(Data records)
________________________________________
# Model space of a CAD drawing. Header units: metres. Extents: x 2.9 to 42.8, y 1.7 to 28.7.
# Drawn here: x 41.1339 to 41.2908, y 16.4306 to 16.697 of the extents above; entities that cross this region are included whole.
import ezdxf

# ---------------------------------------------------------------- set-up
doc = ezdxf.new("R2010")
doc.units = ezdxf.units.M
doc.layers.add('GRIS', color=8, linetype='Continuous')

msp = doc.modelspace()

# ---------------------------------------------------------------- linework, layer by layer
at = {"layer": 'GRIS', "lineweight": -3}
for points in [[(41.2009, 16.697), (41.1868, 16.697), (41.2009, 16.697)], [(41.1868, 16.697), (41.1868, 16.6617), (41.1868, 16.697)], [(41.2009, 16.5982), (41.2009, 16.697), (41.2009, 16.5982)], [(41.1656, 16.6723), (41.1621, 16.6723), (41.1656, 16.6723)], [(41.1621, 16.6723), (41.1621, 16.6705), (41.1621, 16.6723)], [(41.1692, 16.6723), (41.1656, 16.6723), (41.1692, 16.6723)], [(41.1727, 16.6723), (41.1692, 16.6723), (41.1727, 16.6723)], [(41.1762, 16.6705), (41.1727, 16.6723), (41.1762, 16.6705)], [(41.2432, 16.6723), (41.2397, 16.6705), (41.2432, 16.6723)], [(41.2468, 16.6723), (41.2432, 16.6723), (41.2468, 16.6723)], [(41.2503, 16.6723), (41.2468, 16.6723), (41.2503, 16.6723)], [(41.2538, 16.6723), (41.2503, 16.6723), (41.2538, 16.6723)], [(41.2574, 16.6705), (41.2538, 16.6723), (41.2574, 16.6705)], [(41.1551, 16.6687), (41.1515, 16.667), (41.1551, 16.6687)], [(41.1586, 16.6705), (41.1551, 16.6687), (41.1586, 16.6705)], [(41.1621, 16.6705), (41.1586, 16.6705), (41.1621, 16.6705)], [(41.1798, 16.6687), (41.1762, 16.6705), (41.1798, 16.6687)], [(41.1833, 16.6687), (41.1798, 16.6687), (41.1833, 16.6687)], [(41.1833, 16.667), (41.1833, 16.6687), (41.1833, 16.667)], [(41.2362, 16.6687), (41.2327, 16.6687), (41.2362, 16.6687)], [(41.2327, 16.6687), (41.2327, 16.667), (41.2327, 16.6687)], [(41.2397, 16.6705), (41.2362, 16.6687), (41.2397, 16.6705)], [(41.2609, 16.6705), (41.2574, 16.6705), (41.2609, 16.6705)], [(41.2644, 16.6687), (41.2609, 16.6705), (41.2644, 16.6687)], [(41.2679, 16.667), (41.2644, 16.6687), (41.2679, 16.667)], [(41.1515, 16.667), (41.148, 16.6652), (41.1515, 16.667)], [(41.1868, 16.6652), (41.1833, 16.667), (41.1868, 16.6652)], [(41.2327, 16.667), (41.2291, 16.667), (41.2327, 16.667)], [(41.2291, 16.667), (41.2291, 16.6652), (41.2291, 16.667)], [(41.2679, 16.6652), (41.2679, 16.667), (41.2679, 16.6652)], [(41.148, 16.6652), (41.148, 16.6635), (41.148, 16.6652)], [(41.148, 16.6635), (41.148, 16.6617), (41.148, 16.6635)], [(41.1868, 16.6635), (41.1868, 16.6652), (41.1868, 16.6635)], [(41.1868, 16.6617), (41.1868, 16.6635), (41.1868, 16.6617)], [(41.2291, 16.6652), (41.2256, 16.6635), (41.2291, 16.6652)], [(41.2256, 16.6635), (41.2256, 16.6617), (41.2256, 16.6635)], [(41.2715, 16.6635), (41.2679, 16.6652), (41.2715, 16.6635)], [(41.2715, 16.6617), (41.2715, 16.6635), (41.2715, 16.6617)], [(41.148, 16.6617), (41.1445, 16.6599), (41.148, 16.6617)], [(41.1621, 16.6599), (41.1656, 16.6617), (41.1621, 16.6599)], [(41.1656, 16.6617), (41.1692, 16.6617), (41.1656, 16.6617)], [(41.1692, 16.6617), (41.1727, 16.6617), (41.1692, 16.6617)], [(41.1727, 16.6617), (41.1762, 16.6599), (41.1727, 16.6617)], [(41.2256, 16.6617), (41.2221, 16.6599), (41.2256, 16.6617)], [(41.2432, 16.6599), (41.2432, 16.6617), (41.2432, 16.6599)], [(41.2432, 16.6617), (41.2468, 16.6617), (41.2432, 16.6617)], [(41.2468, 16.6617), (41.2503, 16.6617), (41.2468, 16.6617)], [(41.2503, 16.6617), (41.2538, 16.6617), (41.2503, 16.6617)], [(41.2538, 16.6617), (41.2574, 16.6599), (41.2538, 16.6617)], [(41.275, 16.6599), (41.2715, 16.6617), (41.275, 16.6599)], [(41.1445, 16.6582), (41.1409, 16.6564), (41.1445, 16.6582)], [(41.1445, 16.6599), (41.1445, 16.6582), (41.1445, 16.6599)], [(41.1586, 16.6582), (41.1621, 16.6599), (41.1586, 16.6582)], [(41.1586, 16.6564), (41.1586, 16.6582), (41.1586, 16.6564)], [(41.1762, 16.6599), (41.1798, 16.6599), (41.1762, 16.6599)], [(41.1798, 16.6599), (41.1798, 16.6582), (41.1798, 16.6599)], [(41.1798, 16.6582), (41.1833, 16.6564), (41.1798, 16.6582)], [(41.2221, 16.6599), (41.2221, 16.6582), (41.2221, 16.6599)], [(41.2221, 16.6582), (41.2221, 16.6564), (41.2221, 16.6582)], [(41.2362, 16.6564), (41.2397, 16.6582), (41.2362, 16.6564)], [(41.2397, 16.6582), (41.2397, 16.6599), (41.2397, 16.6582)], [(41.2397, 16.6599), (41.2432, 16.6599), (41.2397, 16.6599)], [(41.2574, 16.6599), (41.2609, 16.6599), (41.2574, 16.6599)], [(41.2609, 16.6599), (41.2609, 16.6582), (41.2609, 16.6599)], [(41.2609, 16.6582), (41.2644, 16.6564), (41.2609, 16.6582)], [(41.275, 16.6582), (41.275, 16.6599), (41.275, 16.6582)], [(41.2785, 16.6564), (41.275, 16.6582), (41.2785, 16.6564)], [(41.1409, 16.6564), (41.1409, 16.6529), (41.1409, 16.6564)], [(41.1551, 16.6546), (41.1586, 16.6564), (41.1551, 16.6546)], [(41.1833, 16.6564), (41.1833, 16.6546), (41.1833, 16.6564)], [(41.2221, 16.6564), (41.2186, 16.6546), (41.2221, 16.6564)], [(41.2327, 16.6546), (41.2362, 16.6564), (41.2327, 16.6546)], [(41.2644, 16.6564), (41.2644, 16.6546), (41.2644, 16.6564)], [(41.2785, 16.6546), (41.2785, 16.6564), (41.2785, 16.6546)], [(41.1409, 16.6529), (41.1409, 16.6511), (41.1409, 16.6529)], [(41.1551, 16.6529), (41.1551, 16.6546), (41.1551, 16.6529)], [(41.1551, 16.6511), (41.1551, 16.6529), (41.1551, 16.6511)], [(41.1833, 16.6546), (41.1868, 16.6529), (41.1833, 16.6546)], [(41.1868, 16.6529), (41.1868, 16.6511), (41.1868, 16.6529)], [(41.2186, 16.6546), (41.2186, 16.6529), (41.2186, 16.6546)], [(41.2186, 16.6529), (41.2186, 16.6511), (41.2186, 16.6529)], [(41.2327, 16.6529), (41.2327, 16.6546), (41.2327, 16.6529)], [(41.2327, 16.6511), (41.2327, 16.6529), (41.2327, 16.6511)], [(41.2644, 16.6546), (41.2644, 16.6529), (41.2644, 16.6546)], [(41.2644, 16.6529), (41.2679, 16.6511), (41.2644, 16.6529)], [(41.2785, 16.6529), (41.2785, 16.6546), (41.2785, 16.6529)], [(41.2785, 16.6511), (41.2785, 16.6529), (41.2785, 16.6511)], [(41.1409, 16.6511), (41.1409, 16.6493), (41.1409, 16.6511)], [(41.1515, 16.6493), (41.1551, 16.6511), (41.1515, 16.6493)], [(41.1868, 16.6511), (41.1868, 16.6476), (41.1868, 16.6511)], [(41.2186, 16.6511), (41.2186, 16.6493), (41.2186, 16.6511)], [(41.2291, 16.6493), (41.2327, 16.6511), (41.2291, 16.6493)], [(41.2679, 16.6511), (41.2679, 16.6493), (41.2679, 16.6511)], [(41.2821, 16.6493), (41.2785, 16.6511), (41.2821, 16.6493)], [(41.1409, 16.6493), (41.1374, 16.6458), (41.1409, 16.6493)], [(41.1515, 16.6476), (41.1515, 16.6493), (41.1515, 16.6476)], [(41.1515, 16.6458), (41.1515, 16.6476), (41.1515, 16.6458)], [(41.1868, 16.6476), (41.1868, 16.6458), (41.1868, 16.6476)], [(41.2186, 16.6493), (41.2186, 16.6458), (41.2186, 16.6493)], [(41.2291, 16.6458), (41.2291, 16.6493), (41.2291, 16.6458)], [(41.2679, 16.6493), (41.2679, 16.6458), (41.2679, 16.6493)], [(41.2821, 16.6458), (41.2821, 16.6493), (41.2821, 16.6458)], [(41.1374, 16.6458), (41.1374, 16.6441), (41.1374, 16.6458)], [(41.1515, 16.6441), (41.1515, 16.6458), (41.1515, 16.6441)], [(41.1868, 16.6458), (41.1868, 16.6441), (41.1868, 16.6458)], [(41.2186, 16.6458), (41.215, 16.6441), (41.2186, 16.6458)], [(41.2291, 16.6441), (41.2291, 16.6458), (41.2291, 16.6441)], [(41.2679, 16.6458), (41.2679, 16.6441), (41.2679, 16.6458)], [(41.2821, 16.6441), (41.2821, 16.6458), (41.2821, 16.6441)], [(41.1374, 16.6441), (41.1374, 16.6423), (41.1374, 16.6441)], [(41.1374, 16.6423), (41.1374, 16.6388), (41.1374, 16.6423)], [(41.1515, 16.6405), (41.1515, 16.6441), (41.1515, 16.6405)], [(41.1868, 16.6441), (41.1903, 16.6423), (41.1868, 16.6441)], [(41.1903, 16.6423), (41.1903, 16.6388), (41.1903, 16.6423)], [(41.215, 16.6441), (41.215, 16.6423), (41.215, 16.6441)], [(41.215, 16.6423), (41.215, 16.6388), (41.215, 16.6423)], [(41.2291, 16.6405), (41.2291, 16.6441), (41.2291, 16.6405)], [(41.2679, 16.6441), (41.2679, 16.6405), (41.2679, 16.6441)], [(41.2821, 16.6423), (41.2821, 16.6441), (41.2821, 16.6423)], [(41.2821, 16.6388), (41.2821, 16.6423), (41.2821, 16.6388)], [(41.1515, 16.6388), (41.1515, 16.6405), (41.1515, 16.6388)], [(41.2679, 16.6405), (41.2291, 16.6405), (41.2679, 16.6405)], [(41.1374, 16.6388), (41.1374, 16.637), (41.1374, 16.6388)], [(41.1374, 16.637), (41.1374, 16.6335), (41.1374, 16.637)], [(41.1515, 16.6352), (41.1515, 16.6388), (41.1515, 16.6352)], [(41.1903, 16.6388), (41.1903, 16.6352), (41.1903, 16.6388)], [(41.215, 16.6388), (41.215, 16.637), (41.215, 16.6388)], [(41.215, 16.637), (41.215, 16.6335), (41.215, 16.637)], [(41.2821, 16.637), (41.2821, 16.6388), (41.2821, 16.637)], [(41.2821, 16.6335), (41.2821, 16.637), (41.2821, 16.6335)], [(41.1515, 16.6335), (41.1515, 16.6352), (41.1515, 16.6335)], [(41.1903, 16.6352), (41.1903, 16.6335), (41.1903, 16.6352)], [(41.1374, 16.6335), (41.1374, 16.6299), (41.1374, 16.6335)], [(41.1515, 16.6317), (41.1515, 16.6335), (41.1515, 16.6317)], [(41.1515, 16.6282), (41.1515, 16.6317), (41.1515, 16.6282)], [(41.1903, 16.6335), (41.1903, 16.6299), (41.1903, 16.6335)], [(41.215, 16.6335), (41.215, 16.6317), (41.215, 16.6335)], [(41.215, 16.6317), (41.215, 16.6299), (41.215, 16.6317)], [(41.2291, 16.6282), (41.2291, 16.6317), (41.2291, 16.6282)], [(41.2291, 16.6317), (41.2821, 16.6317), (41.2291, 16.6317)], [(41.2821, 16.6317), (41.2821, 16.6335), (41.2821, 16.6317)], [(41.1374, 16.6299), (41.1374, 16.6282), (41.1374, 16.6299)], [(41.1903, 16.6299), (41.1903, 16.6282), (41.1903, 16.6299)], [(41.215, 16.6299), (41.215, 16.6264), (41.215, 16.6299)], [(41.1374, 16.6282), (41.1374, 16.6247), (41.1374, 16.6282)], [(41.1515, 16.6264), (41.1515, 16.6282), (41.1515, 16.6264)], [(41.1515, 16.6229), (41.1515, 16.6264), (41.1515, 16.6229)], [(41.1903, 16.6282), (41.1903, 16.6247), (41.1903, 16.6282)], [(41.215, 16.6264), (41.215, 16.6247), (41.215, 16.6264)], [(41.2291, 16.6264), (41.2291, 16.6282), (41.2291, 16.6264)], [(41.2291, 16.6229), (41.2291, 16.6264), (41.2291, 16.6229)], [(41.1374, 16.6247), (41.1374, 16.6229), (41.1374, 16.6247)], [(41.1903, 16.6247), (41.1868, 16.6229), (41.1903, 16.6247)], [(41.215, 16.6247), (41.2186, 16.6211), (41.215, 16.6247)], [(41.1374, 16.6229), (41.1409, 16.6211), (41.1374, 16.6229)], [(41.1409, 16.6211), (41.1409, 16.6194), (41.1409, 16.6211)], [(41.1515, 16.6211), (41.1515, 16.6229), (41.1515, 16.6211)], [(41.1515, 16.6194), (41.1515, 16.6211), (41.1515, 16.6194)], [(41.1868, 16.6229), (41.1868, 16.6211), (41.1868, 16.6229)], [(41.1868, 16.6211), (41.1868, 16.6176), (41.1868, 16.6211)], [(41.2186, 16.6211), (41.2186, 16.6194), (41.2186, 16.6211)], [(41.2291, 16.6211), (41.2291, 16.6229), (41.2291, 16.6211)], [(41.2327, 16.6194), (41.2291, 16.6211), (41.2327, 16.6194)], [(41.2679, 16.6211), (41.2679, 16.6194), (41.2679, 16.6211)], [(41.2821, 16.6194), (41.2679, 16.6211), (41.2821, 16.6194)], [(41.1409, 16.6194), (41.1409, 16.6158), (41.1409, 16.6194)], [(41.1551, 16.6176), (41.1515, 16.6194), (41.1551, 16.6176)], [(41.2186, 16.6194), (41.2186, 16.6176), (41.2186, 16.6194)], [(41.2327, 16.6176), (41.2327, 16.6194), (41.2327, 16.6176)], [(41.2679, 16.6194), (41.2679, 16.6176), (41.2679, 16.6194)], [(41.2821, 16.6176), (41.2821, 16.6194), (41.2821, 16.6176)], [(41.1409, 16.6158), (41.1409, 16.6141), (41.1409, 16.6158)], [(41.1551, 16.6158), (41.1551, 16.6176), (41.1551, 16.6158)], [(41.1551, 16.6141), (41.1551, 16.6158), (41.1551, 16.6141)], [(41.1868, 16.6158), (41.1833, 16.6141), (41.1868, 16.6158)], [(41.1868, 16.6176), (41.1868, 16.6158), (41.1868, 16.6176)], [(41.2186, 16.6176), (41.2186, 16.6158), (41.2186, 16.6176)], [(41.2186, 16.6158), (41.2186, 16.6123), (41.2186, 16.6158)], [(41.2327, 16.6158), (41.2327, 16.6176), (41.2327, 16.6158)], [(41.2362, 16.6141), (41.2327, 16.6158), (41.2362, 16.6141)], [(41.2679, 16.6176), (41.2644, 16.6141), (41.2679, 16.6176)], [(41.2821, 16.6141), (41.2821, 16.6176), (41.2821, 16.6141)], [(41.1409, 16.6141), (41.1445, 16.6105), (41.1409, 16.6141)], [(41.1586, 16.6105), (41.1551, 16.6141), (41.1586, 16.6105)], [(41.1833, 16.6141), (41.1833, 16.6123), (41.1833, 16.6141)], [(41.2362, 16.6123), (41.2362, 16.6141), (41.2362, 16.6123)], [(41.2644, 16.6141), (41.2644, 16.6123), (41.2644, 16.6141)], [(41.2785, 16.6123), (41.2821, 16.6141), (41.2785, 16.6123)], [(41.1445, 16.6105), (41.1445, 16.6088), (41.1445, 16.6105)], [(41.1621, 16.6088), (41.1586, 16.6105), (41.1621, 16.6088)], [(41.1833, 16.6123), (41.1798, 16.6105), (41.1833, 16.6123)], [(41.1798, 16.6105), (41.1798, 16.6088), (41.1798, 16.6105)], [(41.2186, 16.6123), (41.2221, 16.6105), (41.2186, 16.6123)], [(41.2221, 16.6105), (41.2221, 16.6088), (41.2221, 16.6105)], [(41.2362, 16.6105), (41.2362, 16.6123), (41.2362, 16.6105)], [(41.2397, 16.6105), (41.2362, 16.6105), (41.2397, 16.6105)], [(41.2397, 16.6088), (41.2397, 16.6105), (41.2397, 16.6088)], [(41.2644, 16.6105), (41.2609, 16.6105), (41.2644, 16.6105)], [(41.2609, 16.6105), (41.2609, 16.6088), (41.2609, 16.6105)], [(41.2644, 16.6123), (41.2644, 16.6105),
________________________________________
Check each line of the entries for the string "GRIS". Copy the lines that have it.

### TASK RESULT
doc.layers.add('GRIS', color=8, linetype='Continuous')
at = {"layer": 'GRIS', "lineweight": -3}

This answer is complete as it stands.